Tuesday, May 5, 2009

Old Hands, part 10

The day I returned to Madrid was a holiday, and we had planned to go to Burgos with the Gronningsaters. I had told Mike by phone from Chicago that I still wanted to do that. “Are you sure?” he asked. “It would be no problem to cancel.”

“No, I really want to go,” I said. “It will keep my mind off my troubles.” So he and the kids picked me up at the airport, and we headed north right away. I was tired, of course, and I slept in the car for an hour or so.

The Gronningsaters went in their own car, with their daughters Sarah and Anna and a visitor, Matty Shepard, who had been Julie’s and Anna’s schoolmate in fifth grade and had returned to the U.S. the previous summer. When we met them in the cathedral town, Julie was delighted to see her old friend.

“I’m so sorry about your dad,” Amy said. “Are you sure you’re okay for this?”

“I am, thanks,” I said. “I really wanted to come, and I think this will be good for me.”

Our first stop was the cathedral, but there wasn’t too much for us to see there, as it was being restored. En obras, the sign said—under construction. That sign was familiar to us from many, many tourist sites in the country—everything needed work, and we could at least be happy that the work was being done. But for the Burgos cathedral at that moment En obras meant that the exterior was covered with scaffolds and most of the interior was covered with netting.

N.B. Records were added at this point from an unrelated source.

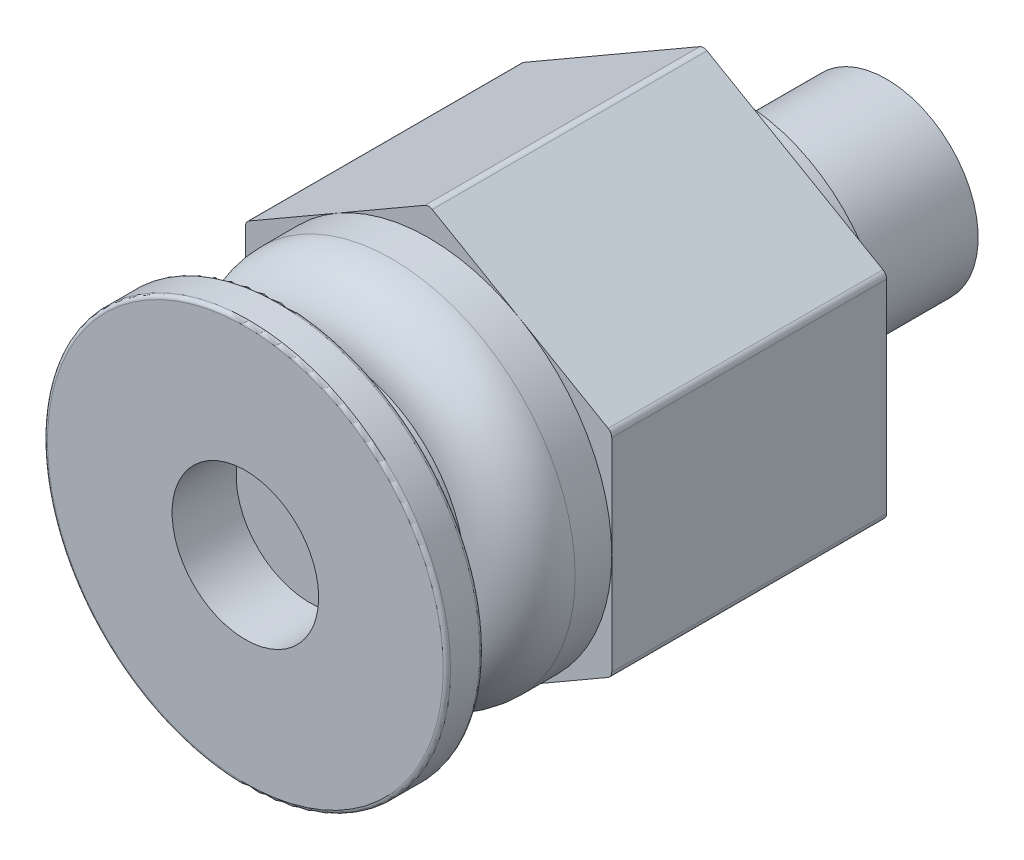
ISO-10303-21;
HEADER;
FILE_DESCRIPTION(('STEP AP214'),'2;1');
FILE_NAME('part.step','',(''),(''),'','','');
FILE_SCHEMA(('AUTOMOTIVE_DESIGN { 1 0 10303 214 1 1 1 1 }'));
ENDSEC;
DATA;
#1=APPLICATION_CONTEXT('core data for automotive mechanical design processes');
#2=APPLICATION_PROTOCOL_DEFINITION('international standard','automotive_design',2000,#1);
#3=PRODUCT_CONTEXT('',#1,'mechanical');
#4=PRODUCT('Part','Part','',(#3));
#5=PRODUCT_RELATED_PRODUCT_CATEGORY('part','',(#4));
#6=PRODUCT_DEFINITION_FORMATION('','',#4);
#7=PRODUCT_DEFINITION_CONTEXT('part definition',#1,'design');
#8=PRODUCT_DEFINITION('design','',#6,#7);
#9=PRODUCT_DEFINITION_SHAPE('','',#8);
#10=(LENGTH_UNIT() NAMED_UNIT(*) SI_UNIT(.MILLI.,.METRE.));
#11=(NAMED_UNIT(*) PLANE_ANGLE_UNIT() SI_UNIT($,.RADIAN.));
#12=(NAMED_UNIT(*) SI_UNIT($,.STERADIAN.) SOLID_ANGLE_UNIT());
#13=UNCERTAINTY_MEASURE_WITH_UNIT(LENGTH_MEASURE(1.E-05),#10,'distance_accuracy_value','');
#14=(GEOMETRIC_REPRESENTATION_CONTEXT(3) GLOBAL_UNCERTAINTY_ASSIGNED_CONTEXT((#13)) GLOBAL_UNIT_ASSIGNED_CONTEXT((#10,
#11,#12)) REPRESENTATION_CONTEXT('',''));
#15=CARTESIAN_POINT('',(0.,0.,0.));
#16=DIRECTION('',(0.,0.,1.));
#17=DIRECTION('',(1.,0.,0.));
#18=AXIS2_PLACEMENT_3D('',#15,#16,#17);
#19=CARTESIAN_POINT('',(0.,0.,15.75));
#20=DIRECTION('',(0.,0.,0.999999999999999));
#21=DIRECTION('',(1.,0.,0.));
#22=AXIS2_PLACEMENT_3D('',#19,#20,#21);
#23=PLANE('',#22);
#24=CARTESIAN_POINT('',(0.,0.,15.75));
#25=DIRECTION('',(0.,0.,-0.999999999999999));
#26=DIRECTION('',(-1.,0.,0.));
#27=AXIS2_PLACEMENT_3D('',#24,#25,#26);
#28=CIRCLE('',#27,2.);
#29=CARTESIAN_POINT('',(1.99999999999997,0.,15.7500000000003));
#30=VERTEX_POINT('',#29);
#31=EDGE_CURVE('E19',#30,#30,#28,.F.);
#32=ORIENTED_EDGE('',*,*,#31,.T.);
#33=EDGE_LOOP('',(#32));
#34=FACE_BOUND('',#33,.T.);
#35=ADVANCED_FACE('F16',(#34),#23,.T.);
#36=CARTESIAN_POINT('',(0.,0.,-6.17664109060523));
#37=DIRECTION('',(0.,0.,-0.999999999999999));
#38=DIRECTION('',(-1.,0.,0.));
#39=AXIS2_PLACEMENT_3D('',#36,#37,#38);
#40=CYLINDRICAL_SURFACE('',#39,2.);
#41=ORIENTED_EDGE('',*,*,#31,.F.);
#42=EDGE_LOOP('',(#41));
#43=FACE_BOUND('',#42,.T.);
#44=CARTESIAN_POINT('',(0.,0.,17.5000000000001));
#45=DIRECTION('',(0.,0.,-0.999999999999999));
#46=DIRECTION('',(-1.,0.,0.));
#47=AXIS2_PLACEMENT_3D('',#44,#45,#46);
#48=CIRCLE('',#47,2.);
#49=CARTESIAN_POINT('',(1.9999999999999,0.,17.4999999999999));
#50=VERTEX_POINT('',#49);
#51=EDGE_CURVE('E34',#50,#50,#48,.T.);
#52=ORIENTED_EDGE('',*,*,#51,.F.);
#53=EDGE_LOOP('',(#52));
#54=FACE_BOUND('',#53,.T.);
#55=ADVANCED_FACE('F362',(#43,#54),#40,.F.);
#56=CARTESIAN_POINT('',(0.,0.,17.5000000000001));
#57=DIRECTION('',(0.,0.,0.999999999999999));
#58=DIRECTION('',(1.,0.,0.));
#59=AXIS2_PLACEMENT_3D('',#56,#57,#58);
#60=PLANE('',#59);
#61=ORIENTED_EDGE('',*,*,#51,.T.);
#62=EDGE_LOOP('',(#61));
#63=FACE_BOUND('',#62,.T.);
#64=CARTESIAN_POINT('',(0.,0.,17.5));
#65=DIRECTION('',(0.,0.,-0.999999999999999));
#66=DIRECTION('',(1.,0.,0.));
#67=AXIS2_PLACEMENT_3D('',#64,#65,#66);
#68=CIRCLE('',#67,5.39999999999998);
#69=CARTESIAN_POINT('',(5.39999999999995,0.,17.5000000000002));
#70=VERTEX_POINT('',#69);
#71=EDGE_CURVE('E257',#70,#70,#68,.T.);
#72=ORIENTED_EDGE('',*,*,#71,.F.);
#73=EDGE_LOOP('',(#72));
#74=FACE_BOUND('',#73,.T.);
#75=ADVANCED_FACE('F268',(#63,#74),#60,.T.);
#76=CARTESIAN_POINT('',(0.,0.,17.4));
#77=DIRECTION('',(0.,0.,0.999999999999999));
#78=DIRECTION('',(-1.,0.,0.));
#79=AXIS2_PLACEMENT_3D('',#76,#77,#78);
#80=TOROIDAL_SURFACE('',#79,5.39999999999997,0.1);
#81=ORIENTED_EDGE('',*,*,#71,.T.);
#82=EDGE_LOOP('',(#81));
#83=FACE_BOUND('',#82,.T.);
#84=CARTESIAN_POINT('',(0.,0.,17.4000000000001));
#85=DIRECTION('',(0.,0.,-0.999999999999999));
#86=DIRECTION('',(-1.,0.,0.));
#87=AXIS2_PLACEMENT_3D('',#84,#85,#86);
#88=CIRCLE('',#87,5.5);
#89=CARTESIAN_POINT('',(-5.50000000000009,0.,17.4));
#90=VERTEX_POINT('',#89);
#91=CARTESIAN_POINT('',(5.49999999999995,0.,17.4000000000002));
#92=VERTEX_POINT('',#91);
#93=EDGE_CURVE('E242',#90,#92,#88,.T.);
#94=ORIENTED_EDGE('',*,*,#93,.F.);
#95=CARTESIAN_POINT('',(0.,0.,17.4000000000001));
#96=DIRECTION('',(0.,0.,-0.999999999999999));
#97=DIRECTION('',(-1.,0.,0.));
#98=AXIS2_PLACEMENT_3D('',#95,#96,#97);
#99=CIRCLE('',#98,5.5);
#100=EDGE_CURVE('E255',#92,#90,#99,.T.);
#101=ORIENTED_EDGE('',*,*,#100,.F.);
#102=EDGE_LOOP('',(#94,#101));
#103=FACE_BOUND('',#102,.T.);
#104=ADVANCED_FACE('F263',(#83,#103),#80,.T.);
#105=CARTESIAN_POINT('',(0.,0.,16.5000000000002));
#106=DIRECTION('',(0.,0.,-0.999999999999999));
#107=DIRECTION('',(-1.,0.,0.));
#108=AXIS2_PLACEMENT_3D('',#105,#106,#107);
#109=CYLINDRICAL_SURFACE('',#108,5.5);
#110=CARTESIAN_POINT('',(0.,0.,16.6000000000002));
#111=DIRECTION('',(0.,0.,-0.999999999999999));
#112=DIRECTION('',(-1.,0.,0.));
#113=AXIS2_PLACEMENT_3D('',#110,#111,#112);
#114=CIRCLE('',#113,5.5);
#115=CARTESIAN_POINT('',(5.49999999999995,0.,16.6000000000001));
#116=VERTEX_POINT('',#115);
#117=CARTESIAN_POINT('',(-5.50000000000004,0.,16.6000000000001));
#118=VERTEX_POINT('',#117);
#119=EDGE_CURVE('E237',#116,#118,#114,.T.);
#120=ORIENTED_EDGE('',*,*,#119,.F.);
#121=CARTESIAN_POINT('',(0.,0.,16.6000000000002));
#122=DIRECTION('',(0.,0.,-0.999999999999999));
#123=DIRECTION('',(-1.,0.,0.));
#124=AXIS2_PLACEMENT_3D('',#121,#122,#123);
#125=CIRCLE('',#124,5.5);
#126=EDGE_CURVE('E240',#118,#116,#125,.T.);
#127=ORIENTED_EDGE('',*,*,#126,.F.);
#128=EDGE_LOOP('',(#120,#127));
#129=FACE_BOUND('',#128,.T.);
#130=ORIENTED_EDGE('',*,*,#100,.T.);
#131=ORIENTED_EDGE('',*,*,#93,.T.);
#132=EDGE_LOOP('',(#130,#131));
#133=FACE_BOUND('',#132,.T.);
#134=ADVANCED_FACE('F267',(#129,#133),#109,.T.);
#135=CARTESIAN_POINT('',(0.,0.,16.6000000000001));
#136=DIRECTION('',(0.,0.,-0.999999999999999));
#137=DIRECTION('',(-1.,0.,0.));
#138=AXIS2_PLACEMENT_3D('',#135,#136,#137);
#139=TOROIDAL_SURFACE('',#138,5.40000000000007,0.1);
#140=ORIENTED_EDGE('',*,*,#126,.T.);
#141=ORIENTED_EDGE('',*,*,#119,.T.);
#142=EDGE_LOOP('',(#140,#141));
#143=FACE_BOUND('',#142,.T.);
#144=CARTESIAN_POINT('',(0.,0.,16.5000000000001));
#145=DIRECTION('',(0.,0.,0.999999999999999));
#146=DIRECTION('',(-1.,0.,0.));
#147=AXIS2_PLACEMENT_3D('',#144,#145,#146);
#148=CIRCLE('',#147,5.40000000000007);
#149=CARTESIAN_POINT('',(-5.40000000000006,0.,16.5000000000002));
#150=VERTEX_POINT('',#149);
#151=EDGE_CURVE('E239',#150,#150,#148,.T.);
#152=ORIENTED_EDGE('',*,*,#151,.T.);
#153=EDGE_LOOP('',(#152));
#154=FACE_BOUND('',#153,.T.);
#155=ADVANCED_FACE('F221',(#143,#154),#139,.T.);
#156=CARTESIAN_POINT('',(0.,0.,16.5000000000002));
#157=DIRECTION('',(0.,0.,0.999999999999999));
#158=DIRECTION('',(1.,0.,0.));
#159=AXIS2_PLACEMENT_3D('',#156,#157,#158);
#160=PLANE('',#159);
#161=CARTESIAN_POINT('',(0.,0.,16.5000000000002));
#162=DIRECTION('',(0.,0.,-0.999999999999999));
#163=DIRECTION('',(-1.,0.,0.));
#164=AXIS2_PLACEMENT_3D('',#161,#162,#163);
#165=CIRCLE('',#164,2.5);
#166=CARTESIAN_POINT('',(-2.50000000000004,0.,16.5));
#167=VERTEX_POINT('',#166);
#168=EDGE_CURVE('E359',#167,#167,#165,.T.);
#169=ORIENTED_EDGE('',*,*,#168,.F.);
#170=EDGE_LOOP('',(#169));
#171=FACE_BOUND('',#170,.T.);
#172=ORIENTED_EDGE('',*,*,#151,.F.);
#173=EDGE_LOOP('',(#172));
#174=FACE_BOUND('',#173,.T.);
#175=ADVANCED_FACE('F216',(#171,#174),#160,.F.);
#176=CARTESIAN_POINT('',(0.,0.,15.0000000000002));
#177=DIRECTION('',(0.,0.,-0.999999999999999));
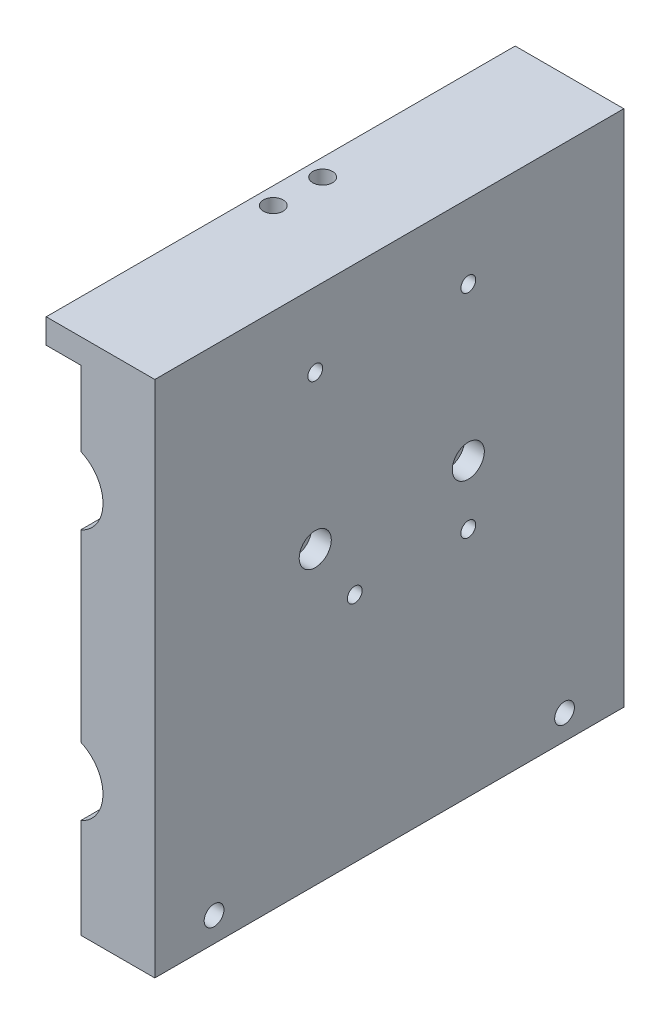
ISO-10303-21;
HEADER;
FILE_DESCRIPTION(('STEP AP214'),'2;1');
FILE_NAME('part.step','',(''),(''),'','','');
FILE_SCHEMA(('AUTOMOTIVE_DESIGN { 1 0 10303 214 1 1 1 1 }'));
ENDSEC;
DATA;
#1=APPLICATION_CONTEXT('core data for automotive mechanical design processes');
#2=APPLICATION_PROTOCOL_DEFINITION('international standard','automotive_design',2000,#1);
#3=PRODUCT_CONTEXT('',#1,'mechanical');
#4=PRODUCT('Part','Part','',(#3));
#5=PRODUCT_RELATED_PRODUCT_CATEGORY('part','',(#4));
#6=PRODUCT_DEFINITION_FORMATION('','',#4);
#7=PRODUCT_DEFINITION_CONTEXT('part definition',#1,'design');
#8=PRODUCT_DEFINITION('design','',#6,#7);
#9=PRODUCT_DEFINITION_SHAPE('','',#8);
#10=(LENGTH_UNIT() NAMED_UNIT(*) SI_UNIT(.MILLI.,.METRE.));
#11=(NAMED_UNIT(*) PLANE_ANGLE_UNIT() SI_UNIT($,.RADIAN.));
#12=(NAMED_UNIT(*) SI_UNIT($,.STERADIAN.) SOLID_ANGLE_UNIT());
#13=UNCERTAINTY_MEASURE_WITH_UNIT(LENGTH_MEASURE(1.E-05),#10,'distance_accuracy_value','');
#14=(GEOMETRIC_REPRESENTATION_CONTEXT(3) GLOBAL_UNCERTAINTY_ASSIGNED_CONTEXT((#13)) GLOBAL_UNIT_ASSIGNED_CONTEXT((#10,
#11,#12)) REPRESENTATION_CONTEXT('',''));
#15=CARTESIAN_POINT('',(0.,0.,0.));
#16=DIRECTION('',(0.,0.,1.));
#17=DIRECTION('',(1.,0.,0.));
#18=AXIS2_PLACEMENT_3D('',#15,#16,#17);
#19=CARTESIAN_POINT('',(15.0000000000006,-40.9999999999998,31.5));
#20=DIRECTION('',(-1.,0.,0.));
#21=DIRECTION('',(0.,-1.,0.));
#22=AXIS2_PLACEMENT_3D('',#19,#20,#21);
#23=CYLINDRICAL_SURFACE('',#22,2.);
#24=CARTESIAN_POINT('',(11.0000000000006,-40.9999999999998,31.5));
#25=DIRECTION('',(1.,0.,0.));
#26=DIRECTION('',(0.,1.,0.));
#27=AXIS2_PLACEMENT_3D('',#24,#25,#26);
#28=CIRCLE('',#27,2.);
#29=CARTESIAN_POINT('',(11.0000000000006,-38.9999999999998,31.5));
#30=VERTEX_POINT('',#29);
#31=EDGE_CURVE('E230',#30,#30,#28,.F.);
#32=ORIENTED_EDGE('',*,*,#31,.F.);
#33=EDGE_LOOP('',(#32));
#34=FACE_BOUND('',#33,.T.);
#35=CARTESIAN_POINT('',(4.00000000000056,-40.9999999999999,31.5));
#36=DIRECTION('',(-1.,0.,0.));
#37=DIRECTION('',(0.,-1.,0.));
#38=AXIS2_PLACEMENT_3D('',#35,#36,#37);
#39=CIRCLE('',#38,2.);
#40=CARTESIAN_POINT('',(4.00000000000056,-42.9999999999999,31.5));
#41=VERTEX_POINT('',#40);
#42=EDGE_CURVE('E45',#41,#41,#39,.F.);
#43=ORIENTED_EDGE('',*,*,#42,.F.);
#44=EDGE_LOOP('',(#43));
#45=FACE_BOUND('',#44,.T.);
#46=ADVANCED_FACE('F41',(#34,#45),#23,.F.);
#47=CARTESIAN_POINT('',(15.0000000000006,-40.9999999999999,62.5));
#48=DIRECTION('',(-1.,0.,0.));
#49=DIRECTION('',(0.,-1.,0.));
#50=AXIS2_PLACEMENT_3D('',#47,#48,#49);
#51=CYLINDRICAL_SURFACE('',#50,2.);
#52=CARTESIAN_POINT('',(11.0000000000006,-40.9999999999999,62.5));
#53=DIRECTION('',(1.,0.,0.));
#54=DIRECTION('',(0.,1.,0.));
#55=AXIS2_PLACEMENT_3D('',#52,#53,#54);
#56=CIRCLE('',#55,2.);
#57=CARTESIAN_POINT('',(11.0000000000006,-38.9999999999999,62.5));
#58=VERTEX_POINT('',#57);
#59=EDGE_CURVE('E226',#58,#58,#56,.F.);
#60=ORIENTED_EDGE('',*,*,#59,.F.);
#61=EDGE_LOOP('',(#60));
#62=FACE_BOUND('',#61,.T.);
#63=CARTESIAN_POINT('',(4.00000000000056,-41.,62.5));
#64=DIRECTION('',(-1.,0.,0.));
#65=DIRECTION('',(0.,-1.,0.));
#66=AXIS2_PLACEMENT_3D('',#63,#64,#65);
#67=CIRCLE('',#66,2.);
#68=CARTESIAN_POINT('',(4.00000000000056,-43.,62.5));
#69=VERTEX_POINT('',#68);
#70=EDGE_CURVE('E245',#69,#69,#67,.F.);
#71=ORIENTED_EDGE('',*,*,#70,.F.);
#72=EDGE_LOOP('',(#71));
#73=FACE_BOUND('',#72,.T.);
#74=ADVANCED_FACE('F430',(#62,#73),#51,.F.);
#75=CARTESIAN_POINT('',(-6.99999999999945,-53.,54.5));
#76=DIRECTION('',(1.,0.,0.));
#77=DIRECTION('',(0.,1.,0.));
#78=AXIS2_PLACEMENT_3D('',#75,#76,#77);
#79=CYLINDRICAL_SURFACE('',#78,1.5);
#80=CARTESIAN_POINT('',(15.0000000000006,-52.9999999999999,54.5));
#81=DIRECTION('',(1.,0.,0.));
#82=DIRECTION('',(0.,1.,0.));
#83=AXIS2_PLACEMENT_3D('',#80,#81,#82);
#84=CIRCLE('',#83,1.5);
#85=CARTESIAN_POINT('',(15.0000000000006,-51.4999999999999,54.5));
#86=VERTEX_POINT('',#85);
#87=EDGE_CURVE('E360',#86,#86,#84,.T.);
#88=ORIENTED_EDGE('',*,*,#87,.T.);
#89=EDGE_LOOP('',(#88));
#90=FACE_BOUND('',#89,.T.);
#91=CARTESIAN_POINT('',(5.00000000000056,-53.,54.5));
#92=DIRECTION('',(-1.,0.,0.));
#93=DIRECTION('',(0.,-1.,0.));
#94=AXIS2_PLACEMENT_3D('',#91,#92,#93);
#95=CIRCLE('',#94,1.5);
#96=CARTESIAN_POINT('',(5.00000000000056,-54.5,54.5));
#97=VERTEX_POINT('',#96);
#98=EDGE_CURVE('E240',#97,#97,#95,.F.);
#99=ORIENTED_EDGE('',*,*,#98,.F.);
#100=EDGE_LOOP('',(#99));
#101=FACE_BOUND('',#100,.T.);
#102=ADVANCED_FACE('F368',(#90,#101),#79,.F.);
#103=CARTESIAN_POINT('',(-6.99999999999945,-52.9999999999999,31.5));
#104=DIRECTION('',(1.,0.,0.));
#105=DIRECTION('',(0.,1.,0.));
#106=AXIS2_PLACEMENT_3D('',#103,#104,#105);
#107=CYLINDRICAL_SURFACE('',#106,1.5);
#108=CARTESIAN_POINT('',(15.0000000000006,-52.9999999999999,31.5));
#109=DIRECTION('',(1.,0.,0.));
#110=DIRECTION('',(0.,1.,0.));
#111=AXIS2_PLACEMENT_3D('',#108,#109,#110);
#112=CIRCLE('',#111,1.5);
#113=CARTESIAN_POINT('',(15.0000000000006,-51.4999999999999,31.5));
#114=VERTEX_POINT('',#113);
#115=EDGE_CURVE('E225',#114,#114,#112,.T.);
#116=ORIENTED_EDGE('',*,*,#115,.T.);
#117=EDGE_LOOP('',(#116));
#118=FACE_BOUND('',#117,.T.);
#119=CARTESIAN_POINT('',(5.00000000000056,-52.9999999999999,31.5));
#120=DIRECTION('',(-1.,0.,0.));
#121=DIRECTION('',(0.,-1.,0.));
#122=AXIS2_PLACEMENT_3D('',#119,#120,#121);
#123=CIRCLE('',#122,1.5);
#124=CARTESIAN_POINT('',(5.00000000000056,-54.4999999999998,31.5));
#125=VERTEX_POINT('',#124);
#126=EDGE_CURVE('E236',#125,#125,#123,.F.);
#127=ORIENTED_EDGE('',*,*,#126,.F.);
#128=EDGE_LOOP('',(#127));
#129=FACE_BOUND('',#128,.T.);
#130=ADVANCED_FACE('F531',(#118,#129),#107,.F.);
#131=CARTESIAN_POINT('',(0.,-37.75,95.));
#132=DIRECTION('',(1.,0.,0.));
#133=DIRECTION('',(0.,1.,0.));
#134=AXIS2_PLACEMENT_3D('',#131,#132,#133);
#135=PLANE('',#134);
#136=CARTESIAN_POINT('',(5.55111512312578E-13,-41.,62.5000000000001));
#137=DIRECTION('',(-1.,0.,0.));
#138=DIRECTION('',(0.,-1.,0.));
#139=AXIS2_PLACEMENT_3D('',#136,#137,#138);
#140=CIRCLE('',#139,3.00000000000001);
#141=CARTESIAN_POINT('',(5.56865375533792E-13,-44.,62.5000000000001));
#142=VERTEX_POINT('',#141);
#143=EDGE_CURVE('E257',#142,#142,#140,.T.);
#144=ORIENTED_EDGE('',*,*,#143,.F.);
#145=EDGE_LOOP('',(#144));
#146=FACE_BOUND('',#145,.T.);
#147=CARTESIAN_POINT('',(5.55111512312578E-13,-40.9999999999999,31.5));
#148=DIRECTION('',(-1.,0.,0.));
#149=DIRECTION('',(0.,-1.,0.));
#150=AXIS2_PLACEMENT_3D('',#147,#148,#149);
#151=CIRCLE('',#150,3.);
#152=CARTESIAN_POINT('',(5.56865375533792E-13,-43.9999999999999,31.5));
#153=VERTEX_POINT('',#152);
#154=EDGE_CURVE('E270',#153,#153,#151,.T.);
#155=ORIENTED_EDGE('',*,*,#154,.F.);
#156=EDGE_LOOP('',(#155));
#157=FACE_BOUND('',#156,.T.);
#158=CARTESIAN_POINT('',(5.55111512312578E-13,-53.,54.5));
#159=DIRECTION('',(-1.,0.,0.));
#160=DIRECTION('',(0.,-1.,0.));
#161=AXIS2_PLACEMENT_3D('',#158,#159,#160);
#162=CIRCLE('',#161,2.5);
#163=CARTESIAN_POINT('',(5.56805452793147E-13,-55.5,54.5));
#164=VERTEX_POINT('',#163);
#165=EDGE_CURVE('E277',#164,#164,#162,.T.);
#166=ORIENTED_EDGE('',*,*,#165,.F.);
#167=EDGE_LOOP('',(#166));
#168=FACE_BOUND('',#167,.T.);
#169=CARTESIAN_POINT('',(5.55111512312578E-13,-52.9999999999999,31.5));
#170=DIRECTION('',(-1.,0.,0.));
#171=DIRECTION('',(0.,-1.,0.));
#172=AXIS2_PLACEMENT_3D('',#169,#170,#171);
#173=CIRCLE('',#172,2.5);
#174=CARTESIAN_POINT('',(5.56805452793147E-13,-55.4999999999999,31.5));
#175=VERTEX_POINT('',#174);
#176=EDGE_CURVE('E255',#175,#175,#173,.T.);
#177=ORIENTED_EDGE('',*,*,#176,.F.);
#178=EDGE_LOOP('',(#177));
#179=FACE_BOUND('',#178,.T.);
#180=DIRECTION('',(0.,-1.,0.));
#181=VECTOR('',#180,1.);
#182=CARTESIAN_POINT('',(0.,2.77555756156289E-13,95.0000000000001));
#183=LINE('',#182,#181);
#184=CARTESIAN_POINT('',(0.,-28.8738635424337,95.0000000000001));
#185=VERTEX_POINT('',#184);
#186=CARTESIAN_POINT('',(5.55111512312578E-13,-66.1261364575662,95.));
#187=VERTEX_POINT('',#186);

It was damp and cold outside, but we decided to walk across the old town anyway, to see the Monasterio de Las Huelgas Reales. This convent had been founded around 1200, and according to the guidebook it had been renovated in 1988, but there were cement mixers and piles of construction materials all around it anyway.

My Fodor’s guide had hardly ever let me down, but its description of the convent turned out to be an understatement. “The convent was conceived in the Romanesque style and housed a royal mausoleum; the tombs of its founders are still there,” it read. This in no way prepared me for what we actually found there—an ancient and beautiful collection of tombs of medieval Spanish monarchs. I thought about the much more famous mausoleum at El Escorial, housing the remains of Spanish kings and queens of the last four centuries, shiny with marble and gold—what a contrast with this more modest, yet more moving place. Each tomb was individual, some with sculptured marble decorations, and the dates on them shook me—the 12th century, the 11th century, and older.

“All but one of the royal coffins kept at Las Huelgas were desecrated by Napoleon’s soldiers,” the guidebook continued, “but this last contained clothes that form the basis of the medieval textile museum housed in part of the convent complex.” And the textile museum was equally stunning, with beautifully lit robes and ecclesiastical garments displayed in climate-controlled cases. The experience of seeing those tombs and those textiles brought me immediately back through the centuries. In Burgos I experienced the medieval period more dramatically than I ever had.